The head loss (the ordinate on the Moody Chart) we would expect is given as follows:

{\it h_f}=1/2\,{\frac {fL{u}^{2}}{D g_c}}

The Reynolds number (the abscissa on the Moody Chart) is given earlier, and the reader is exhorted to review Getting the Reynolds Number Right.

One thing we can do to make things a little simpler (this from Streeter (1966)) is to rewrite both formulas to allow direct input of the flow.  Doing this yields

{\it h_f}=8\,{\frac {fL{Q}^{2}}{{D}^{5}{\pi }^{2}g_c}}

and

R_e=4\,{\frac {Q}{\pi \,D\nu}}

It is important that the units of flow are consistent with the rest of the units.  Since we’re going to be doing this in feet, 12\,gpm=0.0267\,\frac{ft^3}{sec} .

Knowing the Reynolds Number and the relative roughness, we can proceed.  The Reynolds number (with properties of water from Variation in Viscosity) is

R_e=4\,{\frac {0.0267}{\pi \,0.0452\,10.877 \times 10^{-6)}}} = 68,910

This is in the turbulent range; we can use the formula above.  The friction factor is thus

f = \frac{1}{4\left[ log\left( \frac{0.000005}{3.7\,0.0452}+\frac{5.74}{68910^{0.9}} \right) \right]^2} = 0.0199

Comparison with the Moody Chart should show that this is very close.

The head loss is thus

{\it h_f}=8\,{\frac {0.0199\,12\,{0.0267}^{2}}{{0.0452}^{5}{\pi }^{2}\,32.2}} = 22.19' = 266.4"

The inches conversion is done because most manometers–physical and digital–measure water head differences in inches.

Equivalent Length

We can combine our work on both minor losses and pipe losses by considering the concept of equivalent length of pipe.  Thus, we can say that, for a given diameter of pipe, a restriction has the same effect on the pressure drop of a system as a certain length of pipe L_e would have.  That length of pipe is given by the equation

L_e = D \frac{K}{f}

The friction factor f is determined from the Moody chart (discussed earlier) in the turbulent region only.
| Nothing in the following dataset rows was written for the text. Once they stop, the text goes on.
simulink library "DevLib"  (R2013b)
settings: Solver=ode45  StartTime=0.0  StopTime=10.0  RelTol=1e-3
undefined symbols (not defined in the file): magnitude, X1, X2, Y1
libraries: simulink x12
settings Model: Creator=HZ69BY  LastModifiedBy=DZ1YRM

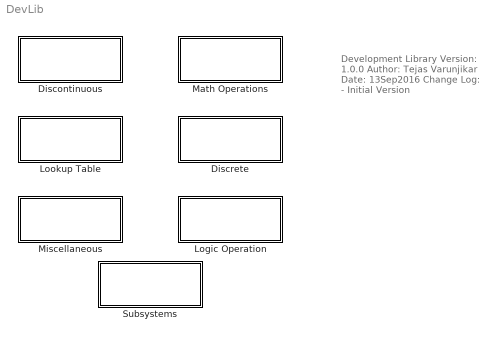
== system DevLib ==
  note: Development Library
      |
      | Version: 1.0.0
      | Author: Tejas Varunjikar
      | Date: 13Sep2016
      | Change Log:
      | - Initial Version
  Discontinuous : Subsystem  mask(Discontinuous){}
      mask Display: fprintf('Discontinuous')
  Discrete : Subsystem
      mask Display: fprintf('Discrete');
  Logic Operation : Subsystem  mask(Logic Operations){}
      mask Display: fprintf('Logic Operation')
  Lookup Table : Subsystem  mask(Lookup Tables){}
      mask Display: fprintf('LookupTable');
  Math Operations : Subsystem  mask(Math Operations){}
      mask Display: fprintf('MathOperations')
  Miscellaneous : Subsystem  mask(Miscellaneous){}
      mask Display: fprintf('Miscellaneous')
  "Subsystems " : Subsystem  mask(Subsystems){}
      mask Display: fprintf('Subsystems')

== system DevLib/Discontinuous ==
  Dead Zone : DeadZone  SaturateOnIntegerOverflow=on
  Dead Zone Dynamic : simulink/Discontinuities/Dead Zone Dynamic
  Rate Limiter : RateLimiter  SampleTimeMode=inherited
  Rate Limiter Dynamic : simulink/Discontinuities/Rate Limiter Dynamic
  Saturation : Saturate
  Saturation Dynamic : simulink/Discontinuities/Saturation Dynamic  OutMin=[]  OutMax=[]  OutDataTypeStr=Inherit: Same as second input  OutDataType=fixdt(1, 16)  OutScaling=2^-10  DoSatur=off

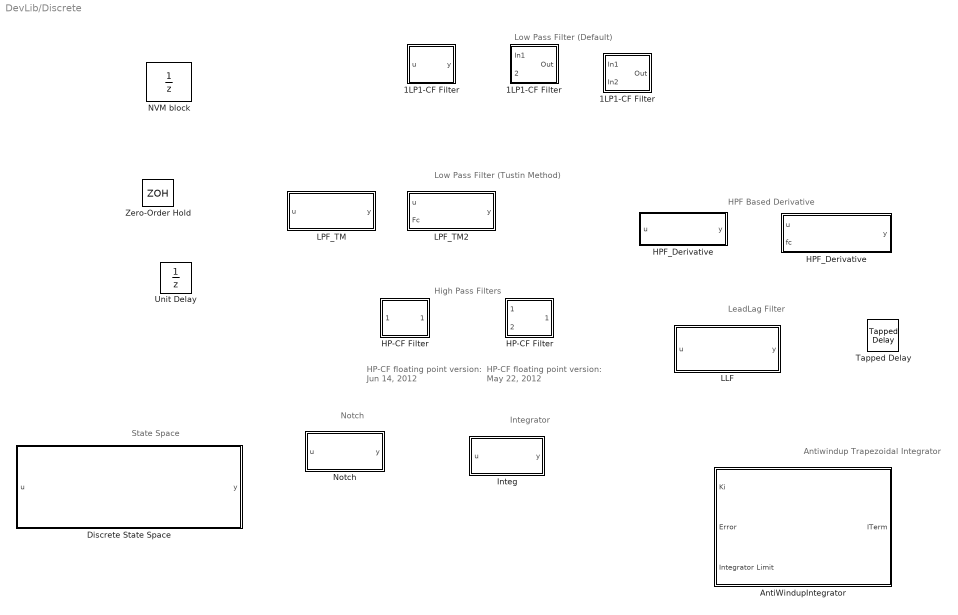
== system DevLib/Discrete ==
  note: HP-CF floating point
      | version:  Jun 14, 2012
  note: HP-CF floating point
      | version:  May 22, 2012
  note: Low Pass Filter (Default)
  note: High Pass Filters
  note: Low Pass Filter (Tustin Method)
  note: Notch
  note: HPF Based Derivative
  note: LeadLag Filter
  note: Integrator
  note: Antiwindup Trapezoidal Integrator
  note: State Space
  " 1LP1-CF Filter " : Subsystem  mask(1LP1-CF Filter){Ts=.002, IC=0}
      mask prompts: Ts "Function Time Step (seconds)"; IC "Initial Condition (Enineering Units)"
      mask help: version: May 22, 2012
      mask Display:
      | port_label('input',1,'u')
      | port_label('input',2,'Hz')
      | port_label('output',1,'y')
      | 
      | %a = [2:0.1:5.2]';
      | %b = sin(2*a);
      | %c = 0.7*sin(25*a);
      | %d = b+c;
      | %e = vertcat(d, b);
      | %plot(e);
      | 
      | disp 'LPF'
  1LP1-CF Filter : Subsystem  mask(1LP1-CF Filter){Ts=.002, Kn_Hz=30, IC=0}
      mask prompts: Ts "Function Time Step (seconds)"; Kn_Hz "Cutoff Frequency in Hz"; IC "Initial Condition (Enineering Units)"
      mask help: version: Jun 14, 2012
      mask init:
      | %Convert cutoff frequency from Hz into floating point "counts"
      | Kn_Cnt = 1-exp(-2*pi*Kn_Hz*Ts);
      | 
      | %Filter design document originally called this value Knum
      | Knum = Kn_Cnt;
      mask Display:
      | port_label('input',1,'u')
      | port_label('output',1,'y')
      | disp 'LPF'
      | 
      | %a = [2:0.1:5.2]';
      | %b = sin(2*a);
      | %c = 0.7*sin(25*a);
      | %d = b+c;
      | %e = vertcat(d, b);
      | %plot(e);
  "1LP1-CF Filter " : Subsystem  mask(1LP1-CF Filter){Ts=.002, Kn_Hz=30}
      mask prompts: Ts "Function Time Step (seconds)"; Kn_Hz "Cutoff Frequency in Hz"
      mask help: version: Aug 31, 2012
      mask init:
      | %Convert cutoff frequency from Hz into floating point "counts"
      | Kn_Cnt = 1-exp(-2*pi*Kn_Hz*Ts);
      | 
      | %Filter design document originally called this value Knum
      | Knum = Kn_Cnt;
      mask Help:
      | 1st order floating point low-pass filter, designated within Nexteer as 1LP1-CF.
      | 
      | This block is arranged to use an externally supplied state variable.  The filter
      | is initialized to the state variable's I.C.
      mask Display:
      | port_label('input',1,'u')
      | port_label('input',2,'sv')
      | port_label('output',1,'y')
      | 
      | disp 'LPF'
  AntiWindupIntegrator : Subsystem  mask(Antiwindup Integrator){Ts=0.002, AntiWdupGain=0}
      mask prompts: Ts "Sample Time"; AntiWdupGain "Anti windup Gain"
      mask help: This is a standard antiwindup integrator design typically used.
      mask Display:
      | fprintf('Antiwindup Integrator');
      | port_label('input',1,'Ki')
      | port_label('input',2,'Error')
      | port_label('input',3,'Integrator Limit')
      | port_label('output',1,'I_term')
  Discrete State Space : Subsystem  mask(Discrete State Space){MtrxA=1, MtrxB=1, MtrxC=1, MtrxD=0, Ts=0.002}
      mask prompts: MtrxA "A"; MtrxB "B"; MtrxC "C"; MtrxD "D"
      mask help:
      | Discrete State Space block representation. Please enter value of state-space matrices. Input, u, is the actuation input to the plant and output, y, is measured state (plant) or estimated state (observer).
      | Input (u) and output (y) could be vectors or single numbers.
      mask Display:
      | fprintf('Discrete State Space');
      | port_label('input',1,'Input')
      | port_label('output',1,'Output')
  HP-CF Filter : Subsystem  mask(HP-CF Filter){Ts_sec=0.002, Fc_Hz=50, LP_IC=0}
      mask prompts: Ts_sec "Function Time Step (seconds)"; Fc_Hz "Cutoff Frequency in Hz"; LP_IC "Input Signal Initial Condition (Engineering Units)"
      mask help: version: June 14, 2012
      mask init:
      | % Correction factor (to be multiplied with HP part)
      | g=2*pi*Fc_Hz*Ts_sec;
      | K=sqrt(1+(2*Fc_Hz*Ts_sec)^2);
      | 
      | corr_factor=(1+exp(g))/(2*K);
      mask Display:
      | port_label('input',1,'y')
      | disp 'HPF'
      | 
      | %a = [2:0.1:5.2]';
      | %b = sin(2*a);
      | %c = 0.5*sin(25*a);
      | %d = b+c;
      | %e = vertcat(d, c);
      | %plot(e);
  "HP-CF Filter " : Subsystem  mask(HP-CF Filter){Ts_sec=0.002, LP_IC=0}
      mask prompts: Ts_sec "Function Time Step (seconds)"; LP_IC "Input Signal Initial Condition (Engineering Units)"
      mask help: version: May 22, 2012
      mask init:
      | g = 2*pi*Ts_sec;
      mask Display:
      | port_label('input',1,'y')
      | port_label('input',2,'Hz')
      | 
      | %a = [2:0.1:5.2]';
      | %b = sin(2*a);
      | %c = 0.5*sin(25*a);
      | %d = b+c;
      | %e = vertcat(d, c);
      | %plot(e);
      | 
      | disp 'HPF'
  HPF_Derivative : Subsystem  mask(High Pass Filter Derivative){Fc=10, Ts=0.002}
      mask prompts: Fc "Cutoff Frequency (Hz)"; Ts "Sample Time"
      mask init:
      | TermN=1-Ts*pi*Fc;
      | TermD=1/(1+Ts*pi*Fc);
      | UnityTerm=2*pi*Fc;
      mask Display: fprintf('HPF Derivative')
  "HPF_Derivative " : Subsystem  mask(HPF Derivative){Ts=0.002}
      mask prompts: Ts "Sample Time"
      mask help: Version June 2, 2016
      mask Display:
      | fprintf('HPF Derivative');
      | port_label('input',1,'u')
      | port_label('input',2,'Fc')
      | port_label('output',1,'y')
  Integ : Subsystem  mask(Integrator){Ki=1, Ts=0.002}
      mask prompts: Ki "Integrator Gain"; Ts "Sample Time"
      mask help:
      | Version: June 2, 2016
      | Digital integrator block representing transfer function Ki/s.
      | Ki is integrator gain.
      mask init:
      | % Initial value of a 1/z variable
      | init1=0;
      mask Display: fprintf('Integrator');
  LLF : Subsystem  mask(Lead Lag Filter){B0=0, B1=0, A1=1, Ts=0.002, Init=0}
      mask prompts: Ts "Sample Time"; Init "State Initialization"
      mask help:
      | Version: June 2, 2016
      | Filter coefficients (B0,B1,A1) of a Lead Lag Filter.
      mask Display:
      | port_label('input',1,'u')
      | port_label('output',1,'y')
      | disp 'LLF'
  LPF_TM : Subsystem  mask{Ts=0.002, fc=1}
      mask prompts: Ts "Sample Time"; fc "Cutoff Frequency"
      mask help:
      | This is a special type of Low Pass Filter.
      | It is designed using tustin transformation method.
      mask Display:
      | fprintf('LPF #2');
      | port_label('input',1,'u')
      | port_label('output',1,'y')
  "LPF_TM2 " : Subsystem  mask{Ts=0.002}
      mask prompts: Ts "Sample Time"
      mask help:
      | This is a special type of Low Pass Filter.
      | It is designed using tustin transformation method.
      mask init:
      | init1=0;
      | init2=0;
      mask Display:
      | fprintf('LPF #2');
      | port_label('input',1,'u')
      | port_label('input',2,'Fc')
      | port_label('output',1,'y')
  NVM block : UnitDelay  SampleTime=-1
      mask help: NVM (Non-volatile memory) block stores a state through ignition cycles.
      mask Display: fprintf('NVM');
  Notch : Subsystem  mask(Notch Filter){A1=0, A2=0, B0=1, B1=0, B2=0, Ts=0.002}
      mask prompts: Ts "Sample time"
      mask help:
      | version: June 2, 2016
      | Numerator (B0,B1,B2) and denominator (1,A1,A2) coefficients of 2nd order digital filter.
      mask init:
      | %Initial values of 2 1/z variables.
      | init1=0;
      | init2=0;
      mask Display: fprintf('Notch Filter')
  Tapped Delay : simulink/Discrete/Tapped Delay  vinit=0.0  samptime=-1  NumDelays=4  DelayOrder=Oldest  includeCurrent=off
  Unit Delay : UnitDelay  SampleTime=-1
  Zero-Order Hold : ZeroOrderHold

== system DevLib/Logic Operation ==
  note: Note: Various logical operators (AND, OR,.. etc. with multiple inputs allowed).
  Action Subsystem : Subsystem  TreatAsAtomicUnit=on
  Bitwise Operator : simulink/Logic and Bit Operations/Bitwise Operator  logicop=AND  UseBitMask=on  BitMask=bin2dec('11011001')  BitMaskRealWorld=Stored Integer
  Compare To Constant : simulink/Logic and Bit Operations/Compare To Constant  relop=<=  const=3.0  OutDataTypeStr=boolean
  Compare To Zero : simulink/Logic and Bit Operations/Compare To Zero  relop=<=  OutDataTypeStr=boolean
  For Iterator Subsystem : Subsystem  TreatAsAtomicUnit=on
  If : If  NumInputs=2  IfExpression=u1  ElseIfExpressions=u2
  Logical Operator : Logic  AllPortsSameDT=off  OutDataTypeStr=boolean
  Merge : Merge  Inputs=3
  Pass through Action Subsystem : Subsystem  TreatAsAtomicUnit=on  mask(pass thru, version Nov 30, 2012){nIn=1}
      mask prompts: nIn "Number of input signals"
      mask help:
      | This block passes its input straight through without modification.
      |
      | Enter the number of signals to pass through (integer 1 to 5).
      mask Callback nIn:
      | thisBlock = gcb;
      | a = get_param(thisBlock,'MaskValues');
      | b = cell2mat(a);
      | c = str2num(b);
      | 
      | if c<1 c=1; end
      | if c>5 c=5; end
      | 
      | for idx=1:c
      |     sIdx = num2str(idx);
      |     oldblock = [thisBlock '/In' sIdx];
      |     if strcmp(get_param(oldblock,'BlockType'),'Ground')
      |          newblock = 'built-in/Inport';
      |         pos = get_param(oldblock,'Position');
      |         orient = get_param(oldblock,'Orientation');
      |         delete_block(oldblock);
      |         add_block(newblock,oldblock,'Position',pos, 'Orientation',orient);
      |     end
      | 
      |     oldblock = [thisBlock '/Out' sIdx];
      |     if strcmp(get_param(oldblock,'BlockType'),'Terminator')
      |         newblock = 'built-in/Outport';
      |         pos = get_param(oldblock,'Position');
      |         orient = get_param(oldblock,'Orientation');
      |         delete_block(oldblock);
      |         add_block(newblock,oldblock,'Position',pos, 'Orientation',orient);
      |     end
      | end
      | 
      | for idx=c+1:5
      |     sIdx = num2str(idx);
      |     oldblock = [thisBlock '/In' sIdx];
      |     if strcmp(get_param(oldblock,'BlockType'),'Inport')
      |         newblock = 'built-in/Ground';
      |         pos = get_param(oldblock,'Position');
      |         orient = get_param(oldblock,'Orientation');
      |         delete_block(oldblock);
      |         add_block(newblock,oldblock,'Position',pos, 'Orientation',orient);
      |     end
      | 
      |     oldblock = [thisBlock '/Out' sIdx];
      |     if strcmp(get_param(oldblock,'BlockType'),'Outport')
      |         newblock = 'built-in/Terminator';
      |         pos = get_param(oldblock,'Position');
      |         orient = get_param(oldblock,'Orientation');
      |         delete_block(oldblock);
      |         add_block(newblock,oldblock,'Position',pos, 'Orientation',orient);
      |     end
      | end
      | 
      | 
      | 
      | clear thisBlock oldblock newblock orient pos a b c idx sIdx ;
      mask Display: fprintf('pass\nthru')
  Relational Operator : RelationalOperator  Operator=<=  OutDataTypeStr=boolean
  Switch Case : SwitchCase
  While Iterator Subsystem : Subsystem  TreatAsAtomicUnit=on

== system DevLib/Lookup Table ==
  note: Note: X2 is typically a vehicle speed 1D table.
  1-D Lookup Table : Lookup_n-D  NumberOfTableDimensions=1  BreakpointsForDimension1=[-5:5]  Table=tanh([-5:5])  ExtrapMethod=Clip  InternalRulePriority=Speed  RndMeth=Simplest  InputSameDT=on
      settings: AttributesFormatString=InterpolationMethod=%<InterpMethod>
  1DX_2DY_Lookup : Subsystem  Tag=Blend Fraction (0 to 1)
  2D_Lookup : Subsystem  mask(2-D Lookup Table){}
  Assist Speed2 : Constant  Value=X2
  Assist Speed4 : Constant  Value=X2
  Constant1 : Constant  Value=X1
  Constant2 : Constant  Value=X1
  Constant3 : Constant  Value=Y1
  Constant4 : Constant  Value=Y1
  wires:
  [X1_in] -> 2D_Lookup/1(X_in)
  Assist Speed4/1 -> 2D_Lookup/5(SpdTbl)
  Constant1/1 -> 2D_Lookup/2(2-D Xtbl)
  Constant3/1 -> 2D_Lookup/3(2-D Ytbl)
  [X2_in] -> 2D_Lookup/4(VehSpeed)
  Assist Speed2/1 -> 1DX_2DY_Lookup/5(SpdTbl)
  Constant2/1 -> 1DX_2DY_Lookup/2(1-D Xtbl)
  Constant4/1 -> 1DX_2DY_Lookup/3(2-D Ytbl)
  [X2_in] -> 1DX_2DY_Lookup/4(Speed)
  [X1_in] -> 1DX_2DY_Lookup/1(X_in)

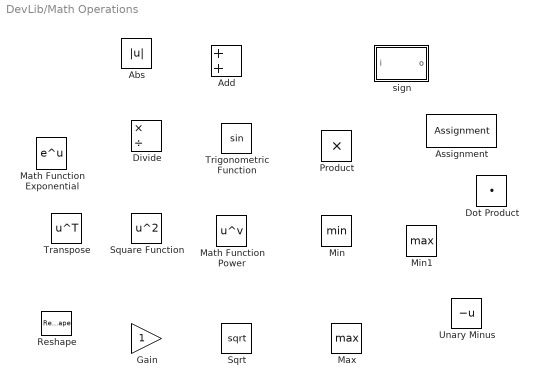
== system DevLib/Math Operations ==
  Abs : Abs
  Add : Sum
  Assignment : Assignment  IndexOptions=Index vector (dialog)  Indices=1  OutputSizes=1
  Divide : Product  Inputs=*/
  Dot Product : DotProduct  InputSameDT=on  OutDataTypeStr=Inherit: Inherit via internal rule
  Gain : Gain
  Math Function Exponential : Math  SaturateOnIntegerOverflow=on
  Math Function Power : Math  Operator=pow  SaturateOnIntegerOverflow=on
  Max : MinMax  Function=max
  Min : MinMax  Inputs=2
  Min1 : MinMax  Function=max  Inputs=2
  Product : Product
  Reshape : Reshape
  Sqrt : Sqrt  SaturateOnIntegerOverflow=on
  Square Function : Math  Operator=square  SaturateOnIntegerOverflow=on
  Transpose : Math  Operator=transpose  SaturateOnIntegerOverflow=on
  Trigonometric Function : Trigonometry
  Unary Minus : UnaryMinus
  sign : Subsystem  mask(2-state sign){}
      mask help:
      | version:  Nov 30, 2012
      |
      | Input < 0, Output = -1
      | Input = 0, Output = +1
      | Input > 0, Output = +1
      mask Help:
      | Input < 0, Output = -1
      | Input = 0, Output = +1
      | Input > 0, Output = +1
      mask Display: disp 'sign'

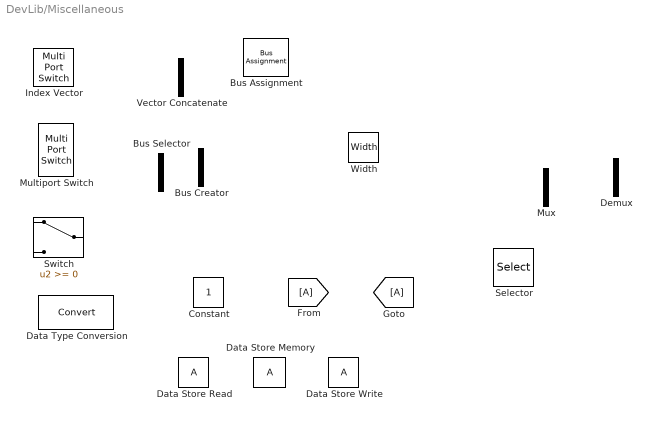
== system DevLib/Miscellaneous ==
  Bus Assignment : BusAssignment  AssignedSignals=signal1
  Bus Creator : BusCreator  Inputs=2
  Bus Selector : BusSelector  OutputSignals=signal1,signal2
  Constant : Constant
  Data Store Memory : DataStoreMemory  ReadBeforeWriteMsg=warning  WriteAfterWriteMsg=warning  WriteAfterReadMsg=warning
  Data Store Read : DataStoreRead
  Data Store Write : DataStoreWrite
  Data Type Conversion : DataTypeConversion
  Demux : Demux  Outputs=2
  Index Vector : MultiPortSwitch  DataPortOrder=Zero-based contiguous  Inputs=1  zeroidx=on
  Multiport Switch : MultiPortSwitch
  Mux : Mux  Inputs=2
  Selector : Selector  InputPortWidth=3  IndexOptions=Index vector (dialog)  Indices=[1 3]  OutputSizes=1
  Switch : Switch
  Vector Concatenate : Concatenate
  Width : Width

== system DevLib/Subsystems  ==
  Enabled Subsystem : Subsystem  TreatAsAtomicUnit=on
  Enabled and Triggered Subsystem : Subsystem  TreatAsAtomicUnit=on
  Function-Call Subsystem : Subsystem  TreatAsAtomicUnit=on
  Subsystem : Subsystem
  Triggered Subsystem : Subsystem  TreatAsAtomicUnit=on
  Variant Subsystem : Subsystem  Variant=on

== system DevLib/Discrete/ 1LP1-CF Filter  ==
  note: Filter layout from spreadsheet
  note: This Subsystem represents a type 1LP1-CF Low-Pass filter with floating point math.
      | Layout and nomenclature taken from Design Document authored by Mark Colosky.
  note: REVISIONS
      |   Feb 13, 2012.  Date created.
      |   Feb 17, 2012.  Conversion from Hz to Knum moved to Initialization tab of mask dialog box.
      |   Feb 20, 2012.  Parameterized 1/z block Initial Condition instead of hard-coded = 0.
      |   May 22, 2012.  Added external cutoff frequency signal.
  In1 : Inport
  KnHz : Inport  Port=2
  Constant : Constant
  Constant1 : Constant  Value=-2*pi*Ts
  Integer Delay : Delay  DelayLength=1  InitialCondition=IC  SampleTime=Ts
  Math Function : Math  SaturateOnIntegerOverflow=on
  Product1 : Product  RndMeth=Zero
  Product2 : Product  RndMeth=Zero
  Subtract : Sum  Inputs=+-
  Sum : Sum  Inputs=|+-
  Sum1 : Sum  Inputs=|++
  Out : Outport
  wires:
  Subtract/1 -> Product1/1
  Product2/1 -> Math Function/1
  KnHz/1 -> Product2/2
  Constant1/1 -> Product2/1
  Math Function/1 -> Subtract/2
  Constant/1 -> Subtract/1
  Sum1/1 -> Out/1, Integer Delay/1  "e"
  In1/1 -> Sum/1  "Unfiltered_Signal"
  Integer Delay/1 -> Sum/2, Sum1/2  "f"
  Product1/1 -> Sum1/1  "d"
  Sum/1 -> Product1/2  "c"

== system DevLib/Discrete/1LP1-CF Filter ==
  note: REVISIONS
      |   Feb 13, 2012.  Date created.
      |   Feb 17, 2012.  Conversion from Hz to Knum moved to Initialization tab of mask dialog box.
      |   Feb 20, 2012.  Parameterized 1/z block Initial Condition instead of hard-coded = 0.
      |   Jun 14, 2012.  Edited Icon to match other 1LP1-CF variants.
  note: This Subsystem represents a type 1LP1-CF Low-Pass filter with floating point math. Layout and nomenclature taken from Design Document authored by Mark Colosky.
  note: Filter layout from spreadsheet
  u : Inport
  Constant : Constant  Value=Knum
  Integer Delay : Delay  DelayLength=1  InitialCondition=IC  SampleTime=Ts
  Product1 : Product  RndMeth=Zero
  Sum : Sum  Inputs=|+-
  Sum1 : Sum  Inputs=|++
  y : Outport
  wires:
  Sum/1 -> Product1/2  "c"
  Constant/1 -> Product1/1
  Product1/1 -> Sum1/1  "d"
  Integer Delay/1 -> Sum1/2, Sum/2  "f"
  u/1 -> Sum/1  "Unfiltered_Signal"
  Sum1/1 -> Integer Delay/1, y/1  "e"

== system DevLib/Discrete/1LP1-CF Filter  ==
  note: REVISIONS
      |   Jun 14, 2012.  Date created.
      |   Aug 31, 2012.  Removed "IC" parameter from mask dialog because it is unused.
      |                            Added information to Help section of mask dialog.
  note: This Subsystem represents a type 1LP1-CF Low-Pass filter with floating point math. Layout and nomenclature taken from Design Document authored by Mark Colosky.
  note: Filter layout from spreadsheet
  In1 : Inport
  In2 : Inport  Port=2
  Constant : Constant  Value=Knum
  Product1 : Product  RndMeth=Zero
  Sum : Sum  Inputs=|+-
  Sum1 : Sum  Inputs=|++
  Out : Outport
  wires:
  In2/1 -> Sum1/2, Sum/2  "f"
  Sum/1 -> Product1/2  "c"
  Constant/1 -> Product1/1
  Product1/1 -> Sum1/1  "d"
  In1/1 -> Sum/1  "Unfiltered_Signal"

Equivalent length is a good practical way of looking at the losses in a section of pipe with all of its restrictions without getting into “apples and oranges” comparisons.  Since they are in series, the equivalent and actual lengths of the pipe are simply added.

Conclusion

Losses in fluid elements such as valves and pipes can be considered in two ways.  Orifices such as the sharp-edged orifice and the venturi can be used to measure the flow in the system.  The theory can be flipped to enable us to estimate losses in the system and thus avoid unwanted energy, pressure and flow degradation of the fluid system.